Dengan alasan agar bisa lebih muda berkomunikasi sebagai kakak-adik dan memudahkan mereka berdiskusi tentang kerja-kerja lapangan, Dewi memaksa Nandi untuk mau dibelikan HP. Karena alasan yang dikemukakan Dewi bisa ia terima, akhirnya Nandi mau menerimanya. Sekali lagi, ia mengucapkan terima kasih atas semua kebaikan Dewi.
"Kapan-kapan kalau aku ke Banyuwangi, kenalkan aku dengan Ivan, ya. Aku penasaran sama lelaki sahabatmu itu," tutur Dewi ketika mereka menuju mobil.
"Tenang, Mbak. Pasti aku kenalkan. Tapi, kalau bertemu dia, jangan-jangan semua penilaianmu tentang lelaki akan berubah, jangan-jangan kamu jatuh cinta sama dia. Wah, bahaya nih," goda Nandi.

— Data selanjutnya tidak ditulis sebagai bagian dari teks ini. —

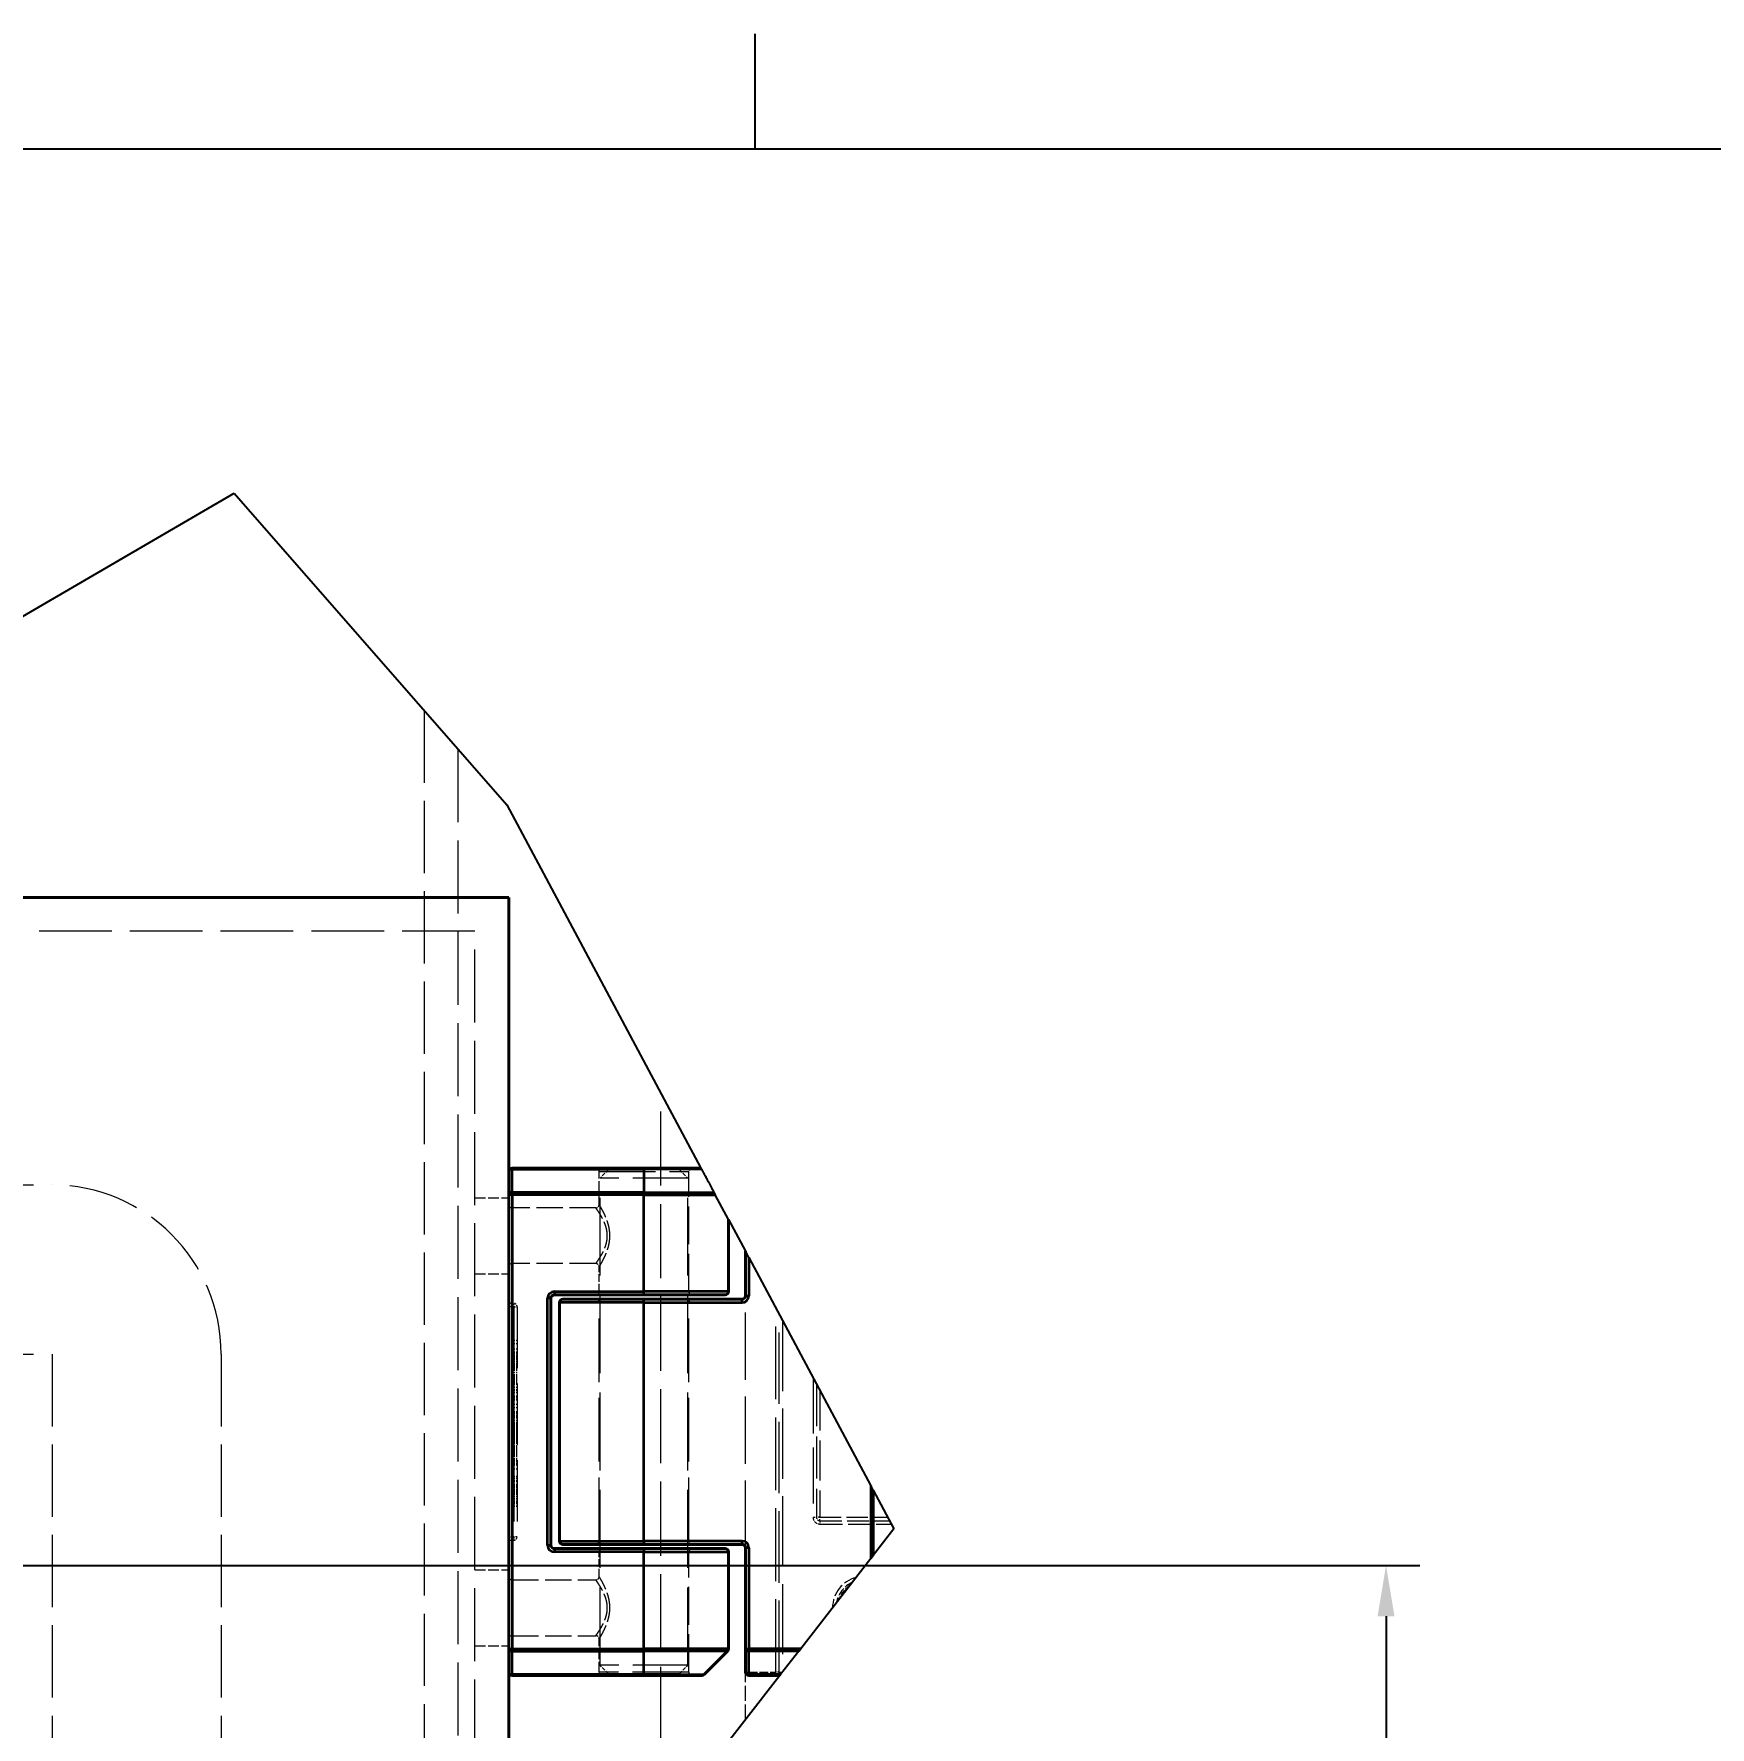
# Model space of a CAD drawing. Header units: millimetres. Extents: x 0 to 2523, y 0 to 1782.
# Drawn here: x 566.8 to 715.4, y 1582 to 1732.2 of the extents above; entities that cross this region are included whole.
import ezdxf

# ---------------------------------------------------------------- set-up
doc = ezdxf.new("R2010")
doc.units = ezdxf.units.MM
doc.header["$LTSCALE"] = 3
doc.linetypes.add('DASHED', pattern=[0.2067, 0.1654, -0.0413])
doc.layers.get('0').update_dxf_attribs({"color": 3, "lineweight": 25})
for name, color, linetype, lineweight in [('가려진 것(ISO)', 2, 'DASHED', 18), ('가려진 좁은 것(ISO)', 2, 'DASHED', 18), ('가시적인 것(ISO)', 3, 'Continuous', 40), ('가시적인 좁은 것(ISO)', 3, 'Continuous', 35), ('경계(ISO)', 7, 'Continuous', 25), ('끊기 선(JIS)', 7, 'Continuous', 25), ('치수(ISO)', 2, 'Continuous', 25)]:
    doc.layers.add(name, color=color, linetype=linetype, lineweight=lineweight)
doc.styles.add('치수 텍스트_PSTEK_POSCO', font='isocp.shx')
doc.dimstyles.new('치수_PSTEK_POSCO', dxfattribs={"dimscale": 3, "dimtxt": 2.5, "dimasz": 1.5, "dimexe": 1, "dimexo": 1.5, "dimgap": 1, "dimtad": 1, "dimrnd": 1e-08, "dimdsep": 46, "dimtxsty": '치수 텍스트_PSTEK_POSCO', "dimcen": 0.09, "dimdle": 10, "dimclrd": 7, "dimclre": 7, "dimclrt": 2, "dimadec": 1, "dimazin": 2, "dimtfac": 1, "dimtmove": 0, "dimatfit": 3, "dimfxl": 0, "dimtolj": 1, "dimlwd": -1, "dimlwe": -1, "dimarcsym": 0})

# ---------------------------------------------------------------- blocks, each defined once
blk = doc.blocks.new('경계 Default Border')
at = {"layer": '경계(ISO)'}
blk.add_line((210.25, 574), (210.25, 577.4), dxfattribs=at)
at = {"layer": '경계(ISO)', "flags": 128}
blk.add_lwpolyline([(20, 20), (20, 574), (821, 574), (821, 20), (20, 20)], dxfattribs=at)
blk = doc.blocks.new('*D82')
at = {"layer": 'Defpoints', "color": 0, "transparency": 16777216}
for p in [(535.39, 1596.36), (535.39, 1401.36), (686.7, 1401.36)]:
    blk.add_point(p, dxfattribs=at)
at = {"layer": '치수(ISO)', "color": 7, "transparency": 16777216}
for p, q in [((539.89, 1596.36), (689.7, 1596.36)), ((686.7, 1591.86), (686.7, 1405.86)), ((539.89, 1401.36), (689.7, 1401.36))]:
    blk.add_line(p, q, dxfattribs=at)
for points in [[(685.95, 1591.86), (687.45, 1591.86), (686.7, 1596.36)], [(685.95, 1405.86), (687.45, 1405.86), (686.7, 1401.36)]]:
    blk.add_solid(points, dxfattribs=at)
at = {"layer": '치수(ISO)', "color": 2, "transparency": 16777216, "insert": (679.95, 1492.85), "char_height": 7.5, "attachment_point": 4, "rotation": 90, "style": '치수 텍스트_PSTEK_POSCO'}
blk.add_mtext('\\A1;130', dxfattribs=at)

msp = doc.modelspace()

# ---------------------------------------------------------------- linework, layer by layer
at = {"layer": '가려진 것(ISO)', "ltscale": 12.919119}
msp.add_line((601.3855, 1672.1931), (601.3855, 1335.725), dxfattribs=at)
at = {"layer": '가려진 것(ISO)', "ltscale": 13.063978}
msp.add_line((604.3855, 1668.7641), (604.3855, 1336.6242), dxfattribs=at)
at = {"layer": '가려진 것(ISO)', "ltscale": 12.986021}
msp.add_line((605.8855, 1652.6052), (146.8855, 1652.6052), dxfattribs=at)
at = {"layer": '가려진 것(ISO)', "ltscale": 13.049678}
msp.add_line((605.8855, 1345.1052), (605.8855, 1652.6052), dxfattribs=at)
at = {"layer": '가려진 것(ISO)', "ltscale": 13.231926}
msp.add_line((622.3855, 1449.5348), (622.3855, 1638.2525), dxfattribs=at)
at = {"layer": '가려진 것(ISO)', "ltscale": 1.856998}
msp.add_line((616.9105, 1628.3802), (616.9105, 1631.3052), dxfattribs=at)
at = {"layer": '가려진 것(ISO)', "ltscale": 0.673328}
for p, q in [((617.7355, 1631.4552), (616.9855, 1630.7052)), ((624.0355, 1631.4552), (624.7855, 1630.7052))]:
    msp.add_line(p, q, dxfattribs=at)
at = {"layer": '가려진 것(ISO)', "ltscale": 6.282838}
msp.add_line((624.0355, 1631.4552), (617.7355, 1631.4552), dxfattribs=at)
at = {"layer": '가려진 것(ISO)', "ltscale": 6.761573}
for p, q in [((624.8605, 1620.6552), (624.8605, 1631.3052)), ((624.8605, 1586.9052), (624.8605, 1597.5552))]:
    msp.add_line(p, q, dxfattribs=at)
at = {"layer": '가려진 것(ISO)', "ltscale": 13.175637}
for p, q in [((184.3855, 1630.1052), (568.3855, 1630.1052)), ((184.3855, 1615.1052), (568.3855, 1615.1052))]:
    msp.add_line(p, q, dxfattribs=at)
at = {"layer": '가려진 것(ISO)', "ltscale": 9.879222}
for p, q in [((624.7855, 1630.7052), (616.9855, 1630.7052)), ((624.7855, 1587.5052), (616.9855, 1587.5052))]:
    msp.add_line(p, q, dxfattribs=at)
at = {"layer": '가려진 것(ISO)', "ltscale": 13.933224}
for p, q in [((616.9855, 1587.5052), (616.9855, 1630.7052)), ((624.7855, 1587.5052), (624.7855, 1630.7052))]:
    msp.add_line(p, q, dxfattribs=at)
at = {"layer": '가려진 것(ISO)', "ltscale": 1.904597}
for p, q in [((605.8855, 1628.9802), (608.8855, 1628.9802)), ((605.8855, 1622.2302), (608.8855, 1622.2302)), ((605.8855, 1595.9802), (608.8855, 1595.9802)), ((605.8855, 1589.2302), (608.8855, 1589.2302))]:
    msp.add_line(p, q, dxfattribs=at)
at = {"layer": '가려진 것(ISO)', "ltscale": 4.714087}
for p, q in [((616.6106, 1628.0802), (609.1855, 1628.0802)), ((616.6106, 1623.1302), (609.1855, 1623.1302))]:
    msp.add_line(p, q, dxfattribs=at)
at = {"layer": '가려진 것(ISO)', "ltscale": 1.380822}
msp.add_line((616.9105, 1620.6552), (616.9105, 1622.8302), dxfattribs=at)
at = {"layer": '가려진 것(ISO)', "ltscale": 0.095135}
for p, q in [((609.1855, 1619.6052), (609.3355, 1619.6052)), ((609.1855, 1598.6052), (609.3355, 1598.6052))]:
    msp.add_line(p, q, dxfattribs=at)
at = {"layer": '가려진 것(ISO)', "ltscale": 10.965973}
msp.add_line((609.6355, 1619.3052), (609.6355, 1598.9052), dxfattribs=at)
at = {"layer": '가려진 것(ISO)', "ltscale": 11.369134}
for p, q in [((616.9105, 1598.5302), (616.9105, 1619.6802)), ((624.8605, 1598.5302), (624.8605, 1619.6802))]:
    msp.add_line(p, q, dxfattribs=at)
at = {"layer": '가려진 것(ISO)', "ltscale": 12.014192}
msp.add_line((629.8855, 1597.9302), (629.8855, 1620.2802), dxfattribs=at)
at = {"layer": '가려진 것(ISO)', "ltscale": 12.785311}
msp.add_line((632.8855, 1586.9052), (632.8855, 1618.6179), dxfattribs=at)
at = {"layer": '가려진 것(ISO)', "ltscale": 0.19037}
for p, q in [((609.6355, 1616.3052), (609.3355, 1616.3052)), ((609.6355, 1616.0239), (609.3355, 1616.0239)), ((609.6355, 1615.5552), (609.3355, 1615.5552)), ((609.6355, 1615.2739), (609.3355, 1615.2739)), ((609.6355, 1615.1802), (609.3355, 1615.1802)), ((609.6355, 1615.1333), (609.3355, 1615.1333)), ((609.6355, 1614.9927), (609.3355, 1614.9927)), ((609.6355, 1614.9458), (609.3355, 1614.9458)), ((609.6355, 1614.8989), (609.3355, 1614.8989)), ((609.6355, 1614.8521), (609.3355, 1614.8521)), ((609.6355, 1614.7583), (609.3355, 1614.7583)), ((609.6355, 1614.6177), (609.3355, 1614.6177)), ((609.6355, 1614.5708), (609.3355, 1614.5708)), ((609.6355, 1614.4302), (609.3355, 1614.4302)), ((609.6355, 1614.3833), (609.3355, 1614.3833)), ((609.6355, 1614.2427), (609.3355, 1614.2427)), ((609.6355, 1614.1958), (609.3355, 1614.1958)), ((609.6355, 1614.1489), (609.3355, 1614.1489)), ((609.6355, 1614.1021), (609.3355, 1614.1021)), ((609.6355, 1614.0552), (609.3355, 1614.0552)), ((609.6355, 1614.0083), (609.3355, 1614.0083)), ((609.6355, 1613.9146), (609.3355, 1613.9146)), ((609.6355, 1613.8677), (609.3355, 1613.8677)), ((609.6355, 1613.8208), (609.3355, 1613.8208)), ((609.6355, 1613.7739), (609.3355, 1613.7739)), ((609.6355, 1613.6802), (609.3355, 1613.6802)), ((609.6355, 1613.6333), (609.3355, 1613.6333)), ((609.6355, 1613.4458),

"Halah, tenang aja. Aku kurang berselera dengan lelaki kok. He...he. Aku lebih berhasrat sama kamu, tetapi karena kamu sekarang adikku, hasrat itu aku ubah jadi kasih sayang saja. He..he..he." Nandi hanya terbengong mendengar perkataan itu. Tapi, mungkin itu sudah menjadi pilihan orientasi seksual Dwi. Tidak perlu dipersoalkan.
Sampai di hotel, Nandi tidak kuasa menolak ketika Dewi menyatakan keinginannya untuk tidur di kamarnya. Ia membuang semua bayangan-bayangannya tentang lesbian. Ia memang tidak menolak praktik itu, meskipun secara agama dilarang. Baginya, pilihan seksual seorang manusia dipengaruhi banyak faktor. Dan, Dewi sangat sadar memilihnya. Meskipun demikian, Nandi juga berhak untuk tidak menerima praktik lesbian dalam kehidupannya. Menghormati bukan berarti ikut menjalani. Maka, ketika Dewi memeluknya saat tidur, ia tidak merasakan apa-apa, selain kerinduan seorang kakak terhadap adik yang sudah sangat lama ia rindukan.